If we have $x=3t^2+1,\space y=2t^3+1$, then \begin{cases} 4=3t^2+1\\3=2t^3+1 \end{cases}$\implies$\begin{cases} t=1,-1\\ t=1 \end{cases}Therefore we take the parameter of intersection for point $(4,3)$ which is $t=1.$ $$Recall \space \frac{dy}{dx}=\frac{dy/dt}{dx/dt}=\frac{6t^2}{6t}=t$$ So at point $(4,3)$ the slope of the tangent line is $\frac{dy}{dx}=t=1$.
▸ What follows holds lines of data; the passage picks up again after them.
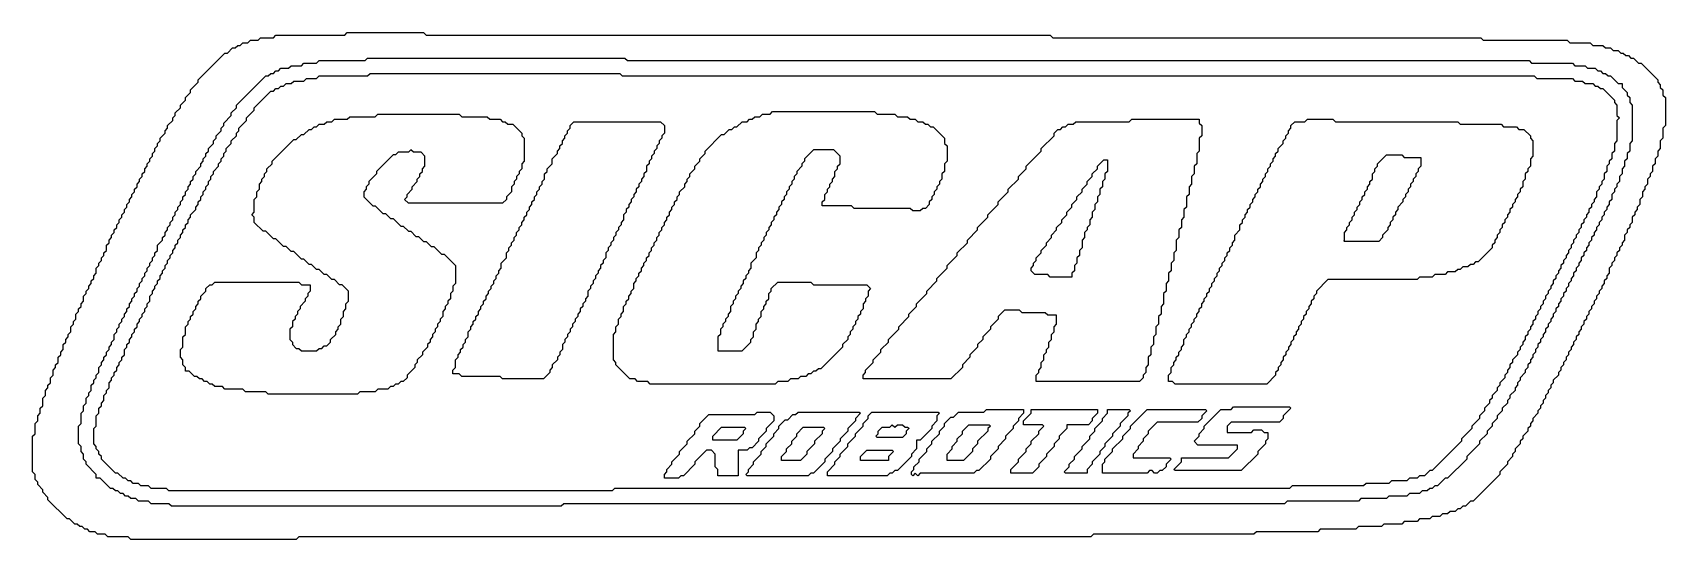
# Model space of a CAD drawing. Header units: millimetres. Extents: x 4 to 645, y 54 to 253.
import ezdxf

# ---------------------------------------------------------------- set-up
doc = ezdxf.new("R2010")
doc.units = ezdxf.units.MM

msp = doc.modelspace()

# ---------------------------------------------------------------- linework, layer by layer
for points in [[(127.5, 253), (157.5, 253), (158.5, 252), (403.5, 252), (404.5, 251), (572.5, 251), (573.5, 250), (606.5, 250), (607.5, 249), (615.5, 249), (616.5, 248), (620.5, 248), (621.5, 247), (623.5, 247), (624.5, 246), (626.5, 246), (627.5, 245), (628.5, 245), (629.5, 244), (630.5, 244), (631.5, 243), (632.5, 243), (634.5, 241), (635.5, 241), (642, 234.5), (642, 233.5), (643, 232.5), (643, 231.5), (644, 230.5), (644, 228.5), (645, 227.5), (645, 216.5), (644, 215.5), (644, 211.5), (643, 210.5), (643, 207.5), (642, 206.5), (642, 204.5), (641, 203.5), (641, 201.5), (640, 200.5), (640, 198.5), (639, 197.5), (639, 196.5), (638, 195.5), (638, 193.5), (637, 192.5), (637, 191.5), (636, 190.5), (636, 188.5), (635, 187.5), (635, 185.5), (634, 184.5), (634, 183.5), (633, 182.5), (633, 181.5), (632, 180.5), (632, 178.5), (631, 177.5), (631, 176.5), (630, 175.5), (630, 174.5), (629, 173.5), (629, 171.5), (628, 170.5), (628, 169.5), (627, 168.5), (627, 167.5), (626, 166.5), (626, 165.5), (625, 164.5), (625, 163.5), (624, 162.5), (624, 161.5), (623, 160.5), (623, 158.5), (622, 157.5), (622, 156.5), (621, 155.5), (621, 154.5), (620, 153.5), (620, 152.5), (619, 151.5), (619, 150.5), (618, 149.5), (618, 148.5), (617, 147.5), (617, 146.5), (616, 145.5), (616, 144.5), (615, 143.5), (615, 142.5), (614, 141.5), (614, 140.5), (613, 139.5), (613, 138.5), (612, 137.5), (612, 136.5), (611, 135.5), (611, 134.5), (610, 133.5), (610, 132.5), (609, 131.5), (609, 130.5), (608, 129.5), (608, 128.5), (607, 127.5), (607, 126.5), (606, 125.5), (606, 124.5), (605, 123.5), (605, 122.5), (604, 121.5), (604, 120.5), (603, 119.5), (603, 118.5), (601, 116.5), (601, 115.5), (600, 114.5), (600, 113.5), (599, 112.5), (599, 111.5), (598, 110.5), (598, 109.5), (597, 108.5), (597, 107.5), (596, 106.5), (596, 105.5), (595, 104.5), (595, 103.5), (593, 101.5), (593, 100.5), (592, 99.5), (592, 98.5), (591, 97.5), (591, 96.5), (589, 94.5), (589, 93.5), (588, 92.5), (588, 91.5), (586, 89.5), (586, 88.5), (585, 87.5), (585, 86.5), (583, 84.5), (583, 83.5), (580, 80.5), (580, 79.5), (569.5, 69), (568.5, 69), (566.5, 67), (565.5, 67), (564.5, 66), (563.5, 66), (562.5, 65), (560.5, 65), (559.5, 64), (557.5, 64), (556.5, 63), (553.5, 63), (552.5, 62), (548.5, 62), (547.5, 61), (542.5, 61), (541.5, 60), (534.5, 60), (533.5, 59), (524.5, 59), (523.5, 58), (509.5, 58), (508.5, 57), (484.5, 57), (483.5, 56), (420.5, 56), (419.5, 55), (108.5, 55), (107.5, 54), (42.5, 54), (41.5, 55), (33.5, 55), (32.5, 56), (29.5, 56), (28.5, 57), (26.5, 57), (25.5, 58), (24.5, 58), (23.5, 59), (22.5, 59), (21.5, 60), (20.5, 60), (18.5, 62), (17.5, 62), (10, 69.5), (10, 70.5), (8, 72.5), (8, 73.5), (6, 75.5), (6, 76.5), (5, 77.5), (5, 79.5), (4, 80.5), (4, 94.5), (5, 95.5), (5, 99.5), (6, 100.5), (6, 102.5), (7, 103.5), (7, 105.5), (8, 106.5), (8, 109.5), (9, 110.5), (9, 112.5), (10, 113.5), (10, 114.5), (11, 115.5), (11, 117.5), (12, 118.5), (12, 120.5), (13, 121.5), (13, 122.5), (14, 123.5), (14, 125.5), (15, 126.5), (15, 127.5), (16, 128.5), (16, 130.5), (17, 131.5), (17, 132.5), (18, 133.5), (18, 134.5), (19, 135.5), (19, 137.5), (20, 138.5), (20, 139.5), (21, 140.5), (21, 142.5), (22, 143.5), (22, 144.5), (23, 145.5), (23, 146.5), (24, 147.5), (24, 149.5), (25, 150.5), (25, 151.5), (26, 152.5), (26, 153.5), (27, 154.5), (27, 155.5), (28, 156.5), (28, 157.5), (29, 158.5), (29, 160.5), (30, 161.5), (30, 162.5), (31, 163.5), (31, 164.5), (32, 165.5), (32, 166.5), (33, 167.5), (33, 169.5), (34, 170.5), (34, 171.5), (35, 172.5), (35, 173.5), (36, 174.5), (36, 175.5), (37, 176.5), (37, 177.5), (38, 178.5), (38, 179.5), (39, 180.5), (39, 181.5), (40, 182.5), (40, 183.5), (41, 184.5), (41, 185.5), (42, 186.5), (42, 187.5), (43, 188.5), (43, 189.5), (44, 190.5), (44, 191.5), (45, 192.5), (45, 193.5), (46, 194.5), (46, 195.5), (47, 196.5), (47, 197.5), (48, 198.5), (48, 199.5), (49, 200.5), (49, 201.5), (50, 202.5), (50, 203.5), (51, 204.5), (51, 205.5), (52, 206.5), (52, 207.5), (53, 208.5), (53, 209.5), (54, 210.5), (54, 211.5), (56, 213.5), (56, 214.5), (57, 215.5), (57, 216.5), (59, 218.5), (59, 219.5), (60, 220.5), (60, 221.5), (62, 223.5), (62, 224.5), (64, 226.5), (64, 227.5), (66, 229.5), (66, 230.5), (69, 233.5), (69, 234.5), (79.5, 245), (80.5, 245), (82.5, 247), (83.5, 247), (84.5, 248), (85.5, 248), (86.5, 249), (88.5, 249), (89.5, 250), (92.5, 250), (93.5, 251), (98.5, 251), (99.5, 252), (126.5, 252), (127.5, 253)], [(135.5, 243), (236.5, 243), (237.5, 242), (591.5, 242), (592.5, 241), (608.5, 241), (609.5, 240), (613.5, 240), (614.5, 239), (617.5, 239), (618.5, 238), (619.5, 238), (620.5, 237), (621.5, 237), (622.5, 236), (623.5, 236), (626.5, 233), (626.74, 233), (626.96, 233), (627.16, 233), (627.34, 233), (627.5, 233), (627.64, 233), (627.76, 233), (627.86, 233), (627.94, 233), (628, 233), (628, 232.94), (628, 232.86), (628, 232.76), (628, 232.64), (628, 232.5), (628, 232.34), (628, 232.16), (628, 231.96), (628, 231.74), (628, 231.5), (630, 229.5), (630, 228.5), (631, 227.5), (631, 225.5), (632, 224.5), (632, 210.5), (631, 209.5), (631, 206.5), (630, 205.5), (630, 203.5), (629, 202.5), (629, 200.5), (628, 199.5), (628, 197.5), (627, 196.5), (627, 194.5), (626, 193.5), (626, 192.5), (625, 191.5), (625, 190.5), (624, 189.5), (624, 187.5), (623, 186.5), (623, 185.5), (622, 184.5), (622, 183.5), (621, 182.5), (621, 181.5), (620, 180.5), (620, 179.5), (619, 178.5), (619, 177.5), (618, 176.5), (618, 175.5), (617, 174.5), (617, 173.5), (616, 172.5), (616, 171.5), (615, 170.5), (615, 169.5), (614, 168.5), (614, 167.5), (613, 166.5), (613, 165.5), (612, 164.5), (612, 163.5), (611, 162.5), (611, 161.5), (610, 160.5), (610, 159.5), (609, 158.5), (609, 157.5), (608, 156.5), (608, 155.5), (607, 154.5), (607, 153.5), (606, 152.5), (606, 151.5), (605, 150.5), (605, 149.5), (604, 148.5), (604, 147.5), (603, 146.5), (603, 145.5), (602, 144.5), (602, 143.5), (601, 142.5), (601, 141.5), (600, 140.5), (600, 139.5), (599, 138.5), (599, 137.5), (598, 136.5), (598, 135.5), (597, 134.5), (597, 133.5), (596, 132.5), (596, 131.5), (595, 130.5), (595, 129.5), (594, 128.5), (594, 127.5), (593, 126.5), (593, 125.5), (592, 124.5), (592, 123.5), (591, 122.5), (591, 121.5), (590, 120.5), (590, 119.5), (588, 117.5), (588, 116.5), (587, 115.5), (587, 114.5), (586, 113.5), (586, 112.5), (584, 110.5), (584, 109.5), (583, 108.5), (583, 107.5), (581, 105.5), (581, 104.5), (579, 102.5), (579, 101.5), (577, 99.5), (577, 98.5), (575, 96.5), (575, 95.5), (572, 92.5), (572, 91.5), (567, 86.5), (567, 85.5), (559.5, 78), (558.5, 78), (555.5, 75), (554.5, 75), (553.5, 74), (552.5, 74), (551.5, 73), (549.5, 73), (548.5, 72), (544.5, 72), (543.5, 71), (536.5, 71), (535.5, 70), (525.5, 70), (524.5, 69), (496.5, 69), (495.5, 68), (212.5, 68), (211.5, 67), (58.5, 67), (57.5, 68), (50.5, 68), (49.5, 69), (45.5, 69), (44.5, 70), (42.5, 70), (41.5, 71), (40.5, 71), (39.5, 72), (38.5, 72), (37.5, 73), (36.5, 73), (35.5, 74), (34.5, 74), (30.5, 78), (30.26, 78), (30.04, 78), (29.84, 78), (29.66, 78), (29.5, 78), (29.36, 78), (29.24, 78), (29.14, 78), (29.06, 78), (29, 78), (29, 78.06), (29, 78.14), (29, 78.24), (29, 78.36), (29, 78.5), (29, 78.66), (29, 78.84), (29, 79.04), (29, 79.26), (29, 79.5), (25, 83.5), (25, 84.5), (24, 85.5), (24, 87.5), (23, 88.5), (23, 90.5), (22, 91.5), (22, 98.5), (23, 99.5), (23, 103.5), (24, 104.5), (24, 106.5), (25, 107.5), (25, 109.5), (26, 110.5), (26, 111.5), (27, 112.5), (27, 114.5), (28, 115.5), (28, 116.5), (29, 117.5), (29, 118.5), (30, 119.5), (30, 121.5), (31, 122.5), (31, 123.5), (32, 124.5), (32, 125.5), (33, 126.5), (33, 127.5), (34, 128.5), (34, 129.5), (35, 130.5), (35, 131.5), (36, 132.5), (36, 134.5), (37, 135.5), (37, 136.5), (38, 137.5), (38, 138.5), (39, 139.5), (39, 140.5), (40, 141.5), (40, 142.5), (41, 143.5), (41, 144.5), (42, 145.5), (42, 146.5), (43, 147.5), (43, 148.5), (44, 149.5), (44, 150.5), (45, 151.5), (45, 152.5), (46, 153.5), (46, 154.5), (47, 155.5), (47, 156.5), (48, 157.5), (48, 158.5), (49, 159.5), (49, 160.5), (50, 161.5), (50, 162.5), (51, 163.5), (51, 164.5), (52, 165.5), (52, 166.5), (53, 167.5), (53, 169.5), (55, 171.5), (55, 172.5), (56, 173.5), (56, 174.5), (57, 175.5), (57, 176.5), (58, 177.5), (58, 178.5), (59, 179.5), (59, 180.5), (60, 181.5), (60, 182.5), (61, 183.5), (61, 184.5), (62, 185.5), (62, 186.5), (63, 187.5), (63, 188.5), (64, 189.5), (64, 190.5), (65, 191.5), (65, 192.5), (66, 193.5), (66, 194.5), (67, 195.5), (67, 196.5), (68, 197.5), (68, 198.5), (70, 200.5), (70, 201.5), (71, 202.5), (71, 203.5), (72, 204.5), (72, 205.5), (73, 206.5), (73, 207.5), (75, 209.5), (75, 210.5), (76, 211.5), (76, 212.5), (78, 214.5), (78, 215.5), (79, 216.5), (79, 217.5), (82, 220.5), (82, 221.5), (84, 223.5), (84, 224.5), (95.5, 236), (96.5, 236), (97.5, 237), (98.5, 237), (99.5, 238), (100.5, 238), (101.5, 239), (104.5, 239), (105.5, 240), (109.5, 240), (110.5, 241), (115.5, 241), (116.5, 242), (134.5, 242), (135.5, 243)], [(136.5, 237), (234.5, 237), (235.5, 236), (593.5, 236), (594.5, 235), (608.5, 235), (609.5, 234), (612.5, 234), (613.5, 233), (616.5, 233), (617.5, 232), (618.5, 232), (619.5, 231), (620.5, 231), (625, 226.5), (625, 225.5), (626, 224.5), (626, 220.5), (627, 219.5), (626, 218.5), (626, 210.5), (625, 209.5), (625, 206.5), (624, 205.5), (624, 203.5), (623, 202.5), (623, 201.5), (622, 200.5), (622, 198.5), (621, 197.5), (621, 195.5), (620, 194.5), (620, 193.5), (619, 192.5), (619, 191.5), (618, 190.5), (618, 188.5), (617, 187.5), (617, 186.5), (616, 185.5), (616, 184.5), (615, 183.5), (615, 182.5), (614, 181.5), (614, 180.5), (613, 179.5), (613, 178.5), (612, 177.5), (612, 176.5), (611, 175.5), (611, 174.5), (610, 173.5), (610, 172.5), (609, 171.5), (609, 170.5), (608, 169.5), (608, 168.5), (607, 167.5), (607, 166.5), (606, 165.5), (606, 164.5), (605, 163.5), (605, 162.5), (604, 161.5), (604, 160.5), (603, 159.5), (603, 158.5), (602, 157.5), (602, 156.5), (601, 155.5), (601, 154.5), (600, 153.5), (600, 152.5), (599, 151.5), (599, 150.5), (598, 149.5), (598, 148.5), (597, 147.5), (597, 146.5), (596, 145.5), (596, 144.5), (595, 143.5), (595, 142.5), (594, 141.5), (594, 140.5), (593, 139.5), (593, 138.5), (592, 137.5), (592, 136.5), (591, 135.5), (591, 134.5), (590, 133.5), (590, 132.5), (589, 131.5), (589, 130.5), (588, 129.5), (588, 128.5), (587, 127.5), (587, 126.5), (585, 124.5), (585, 123.5), (584, 122.5), (584, 121.5), (583, 120.5), (583, 119.5), (582, 118.5), (582, 117.5), (580, 115.5), (580, 114.5), (579, 113.5), (579, 112.5), (577, 110.5), (577, 109.5), (576, 108.5), (576, 107.5), (574, 105.5), (574, 104.5), (572, 102.5), (572, 101.5), (569, 98.5), (569, 97.5), (565, 93.5), (565, 92.5), (553.5, 81), (552.5, 81), (550.5, 79), (548.5, 79), (547.5, 78), (544.5, 78), (543.5, 77), (537.5, 77), (536.5, 76), (527.5, 76), (526.5, 75), (498.5, 75), (497.5, 74), (232.5, 74), (231.5, 73), (57.5, 73), (56.5, 74), (50.5, 74), (49.5, 75), (46.5, 75), (45.5, 76), (43.5, 76), (42.5, 77), (41.5, 77), (40.5, 78), (39.5, 78), (37.5, 80), (36.5, 80), (31, 85.5), (31, 86.5), (30, 87.5), (30, 88.5), (29, 89.5), (29, 90.5), (28, 91.5), (28, 97.5), (29, 98.5), (29, 102.5), (30, 103.5), (30, 105.5), (31, 106.5), (31, 107.5), (32, 108.5), (32, 110.5), (33, 111.5), (33, 112.5), (34, 113.5), (34, 115.5), (35, 116.5), (35, 117.5), (36, 118.5), (36, 119.5), (37, 120.5), (37, 121.5), (38, 122.5), (38, 123.5), (39, 124.5), (39, 125.5), (40, 126.5), (40, 128.5), (41, 129.5), (41, 130.5), (42, 131.5), (42, 132.5), (43, 133.5), (43, 134.5), (44, 135.5), (44, 136.5), (45, 137.5), (45, 138.5), (46, 139.5), (46, 140.5), (47, 141.5), (47, 142.5), (48, 143.5), (48, 144.5), (49, 145.5), (49, 146.5), (50, 147.5), (50, 149.5), (51, 150.5), (51, 151.5), (52, 152.5), (52, 153.5), (53, 154.5), (53, 155.5), (54, 156.5), (54, 157.5), (55, 158.5), (55, 159.5), (56, 160.5), (56, 161.5), (57, 162.5), (57, 163.5), (58, 164.5), (58, 165.5), (59, 166.5), (59, 167.5), (60, 168.5), (60, 169.5), (61, 170.5), (61, 171.5), (62, 172.5), (62, 173.5), (63, 174.5), (63, 175.5), (64, 176.5), (64, 177.5), (65, 178.5), (65, 179.5), (66, 180.5), (66, 181.5), (68, 183.5), (68, 184.5), (69, 185.5), (69, 186.5), (70, 187.5), (70, 188.5), (71, 189.5), (71, 190.5), (72, 191.5), (72, 192.5), (73, 193.5), (73, 194.5), (74, 195.5), (74, 196.5), (75, 197.5), (75, 198.5), (77, 200.5), (77, 201.5), (78, 202.5), (78, 203.5), (79, 204.5), (79, 205.5), (80, 206.5), (80, 207.5), (82, 209.5), (82, 210.5), (84, 212.5), (84, 213.5), (85, 214.5), (85, 215.5), (88, 218.5), (88, 219.5), (91, 222.5), (91, 223.5), (97.5, 230), (98.5, 230), (99.5, 231), (100.5, 231), (101.5, 232), (102.5, 232), (103.5, 233), (105.5, 233), (106.5, 234), (110.5, 234), (111.5, 235), (115.5, 235), (116.5, 236), (135.5, 236), (136.5, 237)], [(139.5, 221), (171.5, 221), (172.5, 220), (182.5, 220), (183.5, 219), (187.5, 219), (188.5, 218), (189.5, 218), (190.5, 217), (192.5, 217), (196, 213.5), (196, 212.5), (197, 211.5), (197, 202.5), (196, 201.5), (196, 199.5), (195, 198.5), (195, 197.5), (194, 196.5), (194, 195.5), (193, 194.5), (193, 193.5), (192, 192.5), (192, 190.5), (190, 188.5), (190, 187.5), (188.5, 186), (151.5, 186), (150, 187.5), (151, 188.5), (151, 189.5), (153, 191.5), (153, 192.5), (155, 194.5), (155, 195.5), (156, 196.5), (156, 197.5), (157, 198.5), (157, 199.5), (158, 200.5), (158, 204.5), (156.5, 206), (153.5, 206), (152.5, 207), (151.5, 206), (147.5, 206), (146.5, 205), (145.5, 205), (139, 198.5), (139, 197.5), (136, 194.5), (136, 193.5), (135, 192.5), (135, 191.5), (134, 190.5), (134, 188.5), (137.5, 185), (138.5, 185), (141.5, 182), (142.5, 182), (144.5, 180), (145.5, 180), (148.5, 177), (149.5, 177), (151.5, 175), (152.5, 175), (154.5, 173), (155.5, 173), (157.5, 171), (158.5, 171), (160.5, 169), (161.5, 169), (164.5, 166), (165.5, 166), (170, 161.5), (170, 154.5), (169, 153.5), (169, 151.5), (168, 150.5), (168, 148.5), (167, 147.5), (167, 146.5), (166, 145.5), (166, 144.5), (165, 143.5), (165, 141.5), (164, 140.5), (164, 139.5), (163, 138.5), (163, 137.5), (162, 136.5), (162, 135.5), (161, 134.5), (161, 133.5), (160, 132.5), (160, 131.5), (159, 130.5), (159, 129.5), (157, 127.5), (157, 126.5), (155, 124.5), (155, 123.5), (154, 122.5), (154, 121.5), (151, 118.5), (151, 117.5), (149.5, 116), (148.5, 116), (147.5, 115), (146.5, 115), (145.5, 114), (144.5, 114), (143.5, 113), (139.5, 113), (138.5, 112), (132.5, 112), (131.5, 111), (96.5, 111), (95.5, 112), (87.5, 112), (86.5, 113), (79.5, 113), (78.5, 114), (75.5, 114), (74.5, 115), (73.5, 115), (72.5, 116), (71.5, 116), (70.5, 117), (69.5, 117), (68.5, 118), (67.5, 118), (65.5, 120), (65.26, 120), (65.04, 120), (64.84, 120), (64.66, 120), (64.5, 120), (64.36, 120), (64.24, 120), (64.14, 120), (64.06, 120), (64, 120), (64, 120.06), (64, 120.14), (64, 120.24), (64, 120.36), (64, 120.5), (64, 120.66), (64, 120.84), (64, 121.04), (64, 121.26), (64, 121.5), (63, 122.5), (63, 124.5), (62, 125.5), (62, 128.5), (63, 129.5), (63, 133.5), (64, 134.5), (64, 137.5), (65, 138.5), (65, 139.5), (66, 140.5), (66, 141.5), (67, 142.5), (67, 143.5), (68, 144.5), (68, 145.5), (69, 146.5), (69, 147.5), (70, 148.5), (70, 149.5), (72, 151.5), (72, 152.5), (73.5, 154), (74.5, 154), (75.5, 155), (108.5, 155), (109.5, 154), (112.5, 154), (113, 154), (113, 153.5), (113, 151.5), (112, 150.5), (112, 149.5), (111, 148.5), (111, 147.5), (109, 145.5), (109, 144.5), (108, 143.5), (108, 142.5), (107, 141.5), (107, 140.5), (106, 139.5), (106, 137.5), (105, 136.5), (105, 132.5), (106, 131.5), (106, 130.5), (107.5, 129), (108.5, 129), (109.5, 128), (115.5, 128), (116.5, 129), (117.5, 129), (118.5, 130), (119.5, 130), (121, 131.5), (121, 132.5), (123, 134.5), (123, 135.5), (124, 136.5), (124, 137.5), (125, 138.5), (125, 140.5), (126, 141.5), (126, 143.5), (127, 144.5), (127, 146.5), (128, 147.5), (128, 151.5), (125.5, 154), (124.5, 154), (122.5, 156), (121.5, 156), (119.5, 158), (118.5, 158), (116.5, 160), (115.5, 160), (113.5, 162), (112.5, 162), (110.5, 164), (109.5, 164), (106.5, 167), (105.5, 167), (103.5, 169), (102.5, 169), (99.5, 172), (98.5, 172), (95.5, 175), (94.5, 175), (91, 178.5), (91, 180.5), (90, 181.5), (91, 182.5), (91, 187.5), (92, 188.5), (92, 190.5), (93, 191.5), (93, 193.5), (94, 194.5), (94, 195.5), (95, 196.5), (95, 197.5), (96, 198.5), (96, 199.5), (98, 201.5), (98, 202.5), (106.5, 211), (107.5, 211), (109.5, 213), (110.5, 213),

Thus using point slope form: $$y-y_0=\frac{dy}{dx}\big(x-x_0\big)\implies y-3=x-4\implies y=x-1$$

Our tangent line then is $y=x-1$. However, it can be shown through the elimination of $x$ and $y$ from the tangent line equation that $y=-2x+11$ is also tangent to the curve and passes through $(4,3)$.

My question is:

How do we know a priori if there exists multiple tangents to a curve through a common point? If it weren't for a solutions manual, I would not think to eliminate $x$ and $y$ to solve for the slope of the tangent. What is the reason there are multiple tangents through a common point? Is this specific to parametric curves?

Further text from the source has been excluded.